Second, the Apple-Google AI partnership represents an unprecedented collaboration between two fierce competitors. While Apple benefits from Google’s Gemini 2.5 Pro model — arguably the most capable publicly available model — Google gains access to over 2 billion active Apple devices, making its AI technology a daily utility for a massive user base. The regulatory risks, however, are substantial: if EU regulators force Apple to offer alternative AI assistants, the exclusive Gemini integration could become a liability.
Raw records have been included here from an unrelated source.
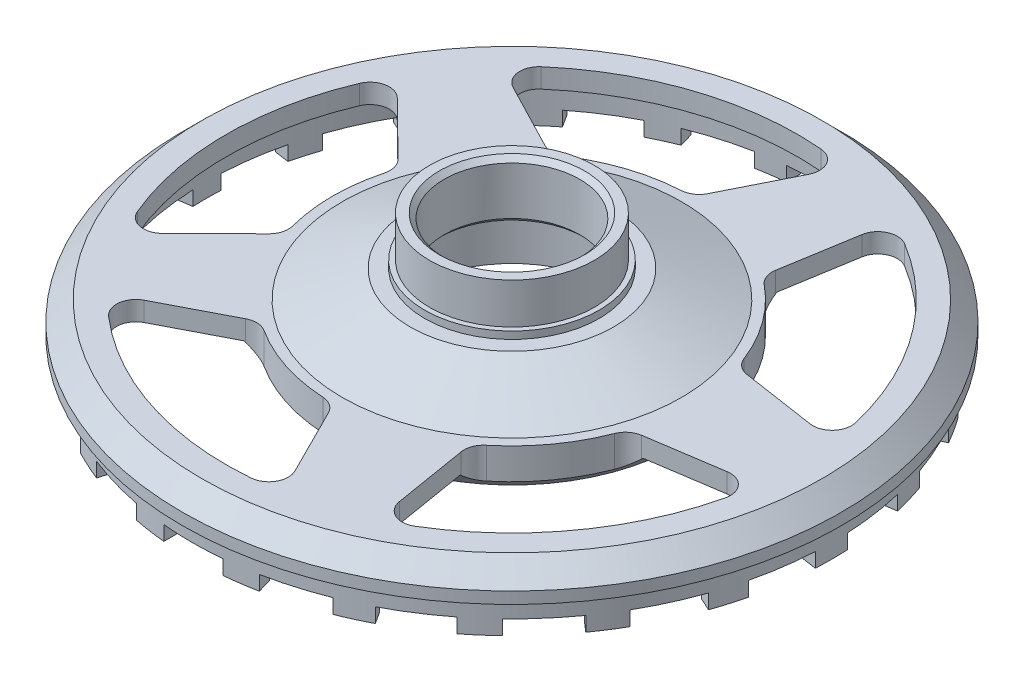
SolidWorks part; units mm, degrees
ref_plane "Front Plane" through (0, 0, 0) normal (0, 0, 1) x (1, 0, 0)
ref_plane "Top Plane" through (0, 0, 0) normal (0, 1, 0) x (1, 0, 0)
ref_plane "Right Plane" through (0, 0, 0) normal (1, 0, 0) x (0, 0, -1)
ref_axis "Axis1" through (0, 0, 0) along (0, 1, 0)
sketch "Sketch1" plane through (0, 0, 0) normal (0, 0, 1) x (1, 0, 0)
  line L0 (-33, 8) -> (-33, 4.5)
  line L2 (-33, 4.5) -> (-31.5, 4.5)
  line L3 (-31.5, 4.5) -> (-31.5, 8.2)
  line L4 (-33, 8) -> (-34, 8)
  line L5 (-34, 8) -> (-34, 8.5)
  line L7 (-10.5, 14) -> (-9, 14)
  line L8 (-9, 14) -> (-9, 14.75)
  line L9 (-9, 14.75) -> (-8.5, 14.75)
  line L10 (-8.5, 14.75) -> (-8.5, 18.95)
  line L11 (-8.5, 18.95) -> (-7, 18.95)
  line L12 (-7, 18.95) -> (-7, 13)
  line L15 (0, 0) -> (0, -50000) construction
  line L16 (-30.5, 9.2) -> (-31.5, 8.2)
  line L18 (-10.5, 12) -> (-10.5, 7)
  line L21 (-7, 13) -> (-9.5, 13)
  line L25 (15.5305, 6) -> (-16, 6) construction
  line L26 (-10.5, 12) -> (-9.5, 12)
  line L27 (-9.5, 12) -> (-9.5, 13)
  line L29 (-19.7, 9.2) -> (-30.5, 9.2)
  line L32 (-34, 9.2) -> (-34, 8.5)
  line L34 (-32, 11.2) -> (-17.5, 11.2)
  line L35 (-34, 9.2) -> (-32, 11.2)
  line L36 (-10.5, 14) -> (-17.5, 11.2)
  line L38 (19.25, 6) -> (-19.25, 6) construction
  line L39 (-19.7, 9.2) -> (-17.5, 7)
  line L40 (-17.5, 7) -> (-10.5, 7)
  point P2 (0, 0)
  point P3 (0, 0)
  point P6 (-31.5, 9.2)
  point P18 (-17.5, 11.6407)
  point P19 (-34, 11.2)
  point P27 (0, 0)
  dimension "D1" = 3.5
  dimension "D2" = 1.5
  dimension "D3" = 17
  dimension "D4" = 4.2
  dimension "D5" = 0.75
  dimension "D6" = 0.5
  dimension "D7" = 1.5
  dimension "D8" = 1
  dimension "D9" = 8
  dimension "D10" = 66
  dimension "D11" = 7
  dimension "D12" = 21
  dimension "D14" = 1
  dimension "D15" = 5
  dimension "D18" = 0.5
  dimension "D19" = 2
  dimension "D20" = 3.2
  dimension "D21" = 1
  dimension "D22" = 135
revolve "Revolve1" add sketch "Sketch1" angle 360 about L15
sketch "Sketch2" plane through (0, 0, 0) normal (0, 0, 1) x (1, 0, 0)
  line L1 (-3.05, -0.7629) -> (3.05, -0.7629)
  line L2 (-3.05, -0.7629) -> (-3.05, 6)
  line L3 (-3.05, 6) -> (3.05, 6)
  line L4 (3.05, -0.7629) -> (3.05, 6)
  line L5 (-33, 8) -> (33, 8) construction
  point P4 (0, -0.7629)
  dimension "D1" = 6.1
  dimension "D2" = 2
extrude "Cut-Extrude2" cut sketch "Sketch2" along normal through all from offset 20
pattern_circular "CirPattern1" count 22 over 360 about axis through (0, 0, 0) along (0, 1, 0) of "Cut-Extrude2"
sketch "Sketch4" plane through (0, 0, 0) normal (0, 1, 0) x (1, 0, 0)
  circle A0 centre (-14.5, 0) radius 2.06
  dimension "D1" = 4.12
  dimension "D2" = 14.5
extrude "Cut-Extrude3" cut sketch "Sketch4" along normal blind 3 from surface starting at face at (0, 7, 10.5)
pattern_circular "CirPattern2" count 24 over 360 about axis through (0, 0, 0) along (0, 1, 0) of "Cut-Extrude3"
sketch "Sketch5" plane through (0, 0, 0) normal (0, 1, 0) x (1, 0, 0)
  circle A0 centre (0, 0) radius 14.5
extrude "Cut-Extrude-Thin1" cut sketch "Sketch5" along normal up to surface (10 mm away) thin up to face at (0, 10, 0) thin type mid plane wall 1.5
chamfer "Chamfer1" distance 0.5 angle 45 2 edges at (0, 18.95, 7) (0, 13, 7)
sketch "Sketch6" plane through (0, 0, 0) normal (0, 1, 0) x (1, 0, 0)
  line L0 (0, 0) -> (-50000, 0) construction
  line L1 (-25.9264, -14.0738) -> (-17.5608, -5.8198)
  line L2 (-17.5608, 5.8198) -> (-25.9264, 14.0738)
  arc A0 (-25.9264, -14.0738) -> (-25.9264, 14.0738) centre (0, 0) cw
  arc A1 (-17.5608, -5.8198) -> (-17.5608, 5.8198) centre (0, 0) cw
  circle A2 centre (0, 0) radius 30.5 construction
  point P9 (-29.5, 0)
  point P10 (-18.5, 0)
  dimension "D1" = 1
extrude "Cut-Extrude4" cut sketch "Sketch6" along normal through all
fillet "Fillet1" radius 2 4 edges at (-25.9264, 10.2, 14.0738) (-17.5608, 9.6, 5.8198) (-17.5608, 9.6, -5.8198) (-25.9264, 10.2, -14.0738)
pattern_circular "CirPattern3" count 5 over 360 about axis through (0, 0, 0) along (0, 1, 0) of "Cut-Extrude4", "Fillet1"

Third, the shift toward on-device plus cloud AI is becoming the dominant architecture for consumer AI. Apple’s approach — using small on-device models for simple queries and cloud models for complex reasoning — mirrors strategies from Samsung (Galaxy AI), Google (Pixel AI), and Microsoft (Copilot+). The key differentiator will be latency: if Apple can make cloud inference feel as fast as on-device processing, it will have solved the fundamental user-experience challenge of cloud-based AI.
Key Takeaways
- [Nvidia’s Inference Dominance]: Apple’s choice of Nvidia H100 GPUs — despite higher costs — confirms that Nvidia’s hardware and software ecosystem remains the preferred platform for production AI inference, not just training.
- [Apple’s Dual-Supplier Strategy]: By using Google TPUs for training and Nvidia GPUs for inference, Apple avoids vendor lock-in while optimizing each workload for its best-suited hardware.
- [$5 Billion AI Spend]: Apple’s projected 2026 AI compute budget of $5 billion underscores the enormous capital requirements for competing in the AI assistant market, with inference costs likely to exceed training costs over time.
- [Regulatory Risk Ahead]: The exclusive Gemini integration faces potential EU antitrust action under the Digital Markets Act, which could force Apple to open Siri to competing AI models — a development that would fundamentally alter the partnership’s value.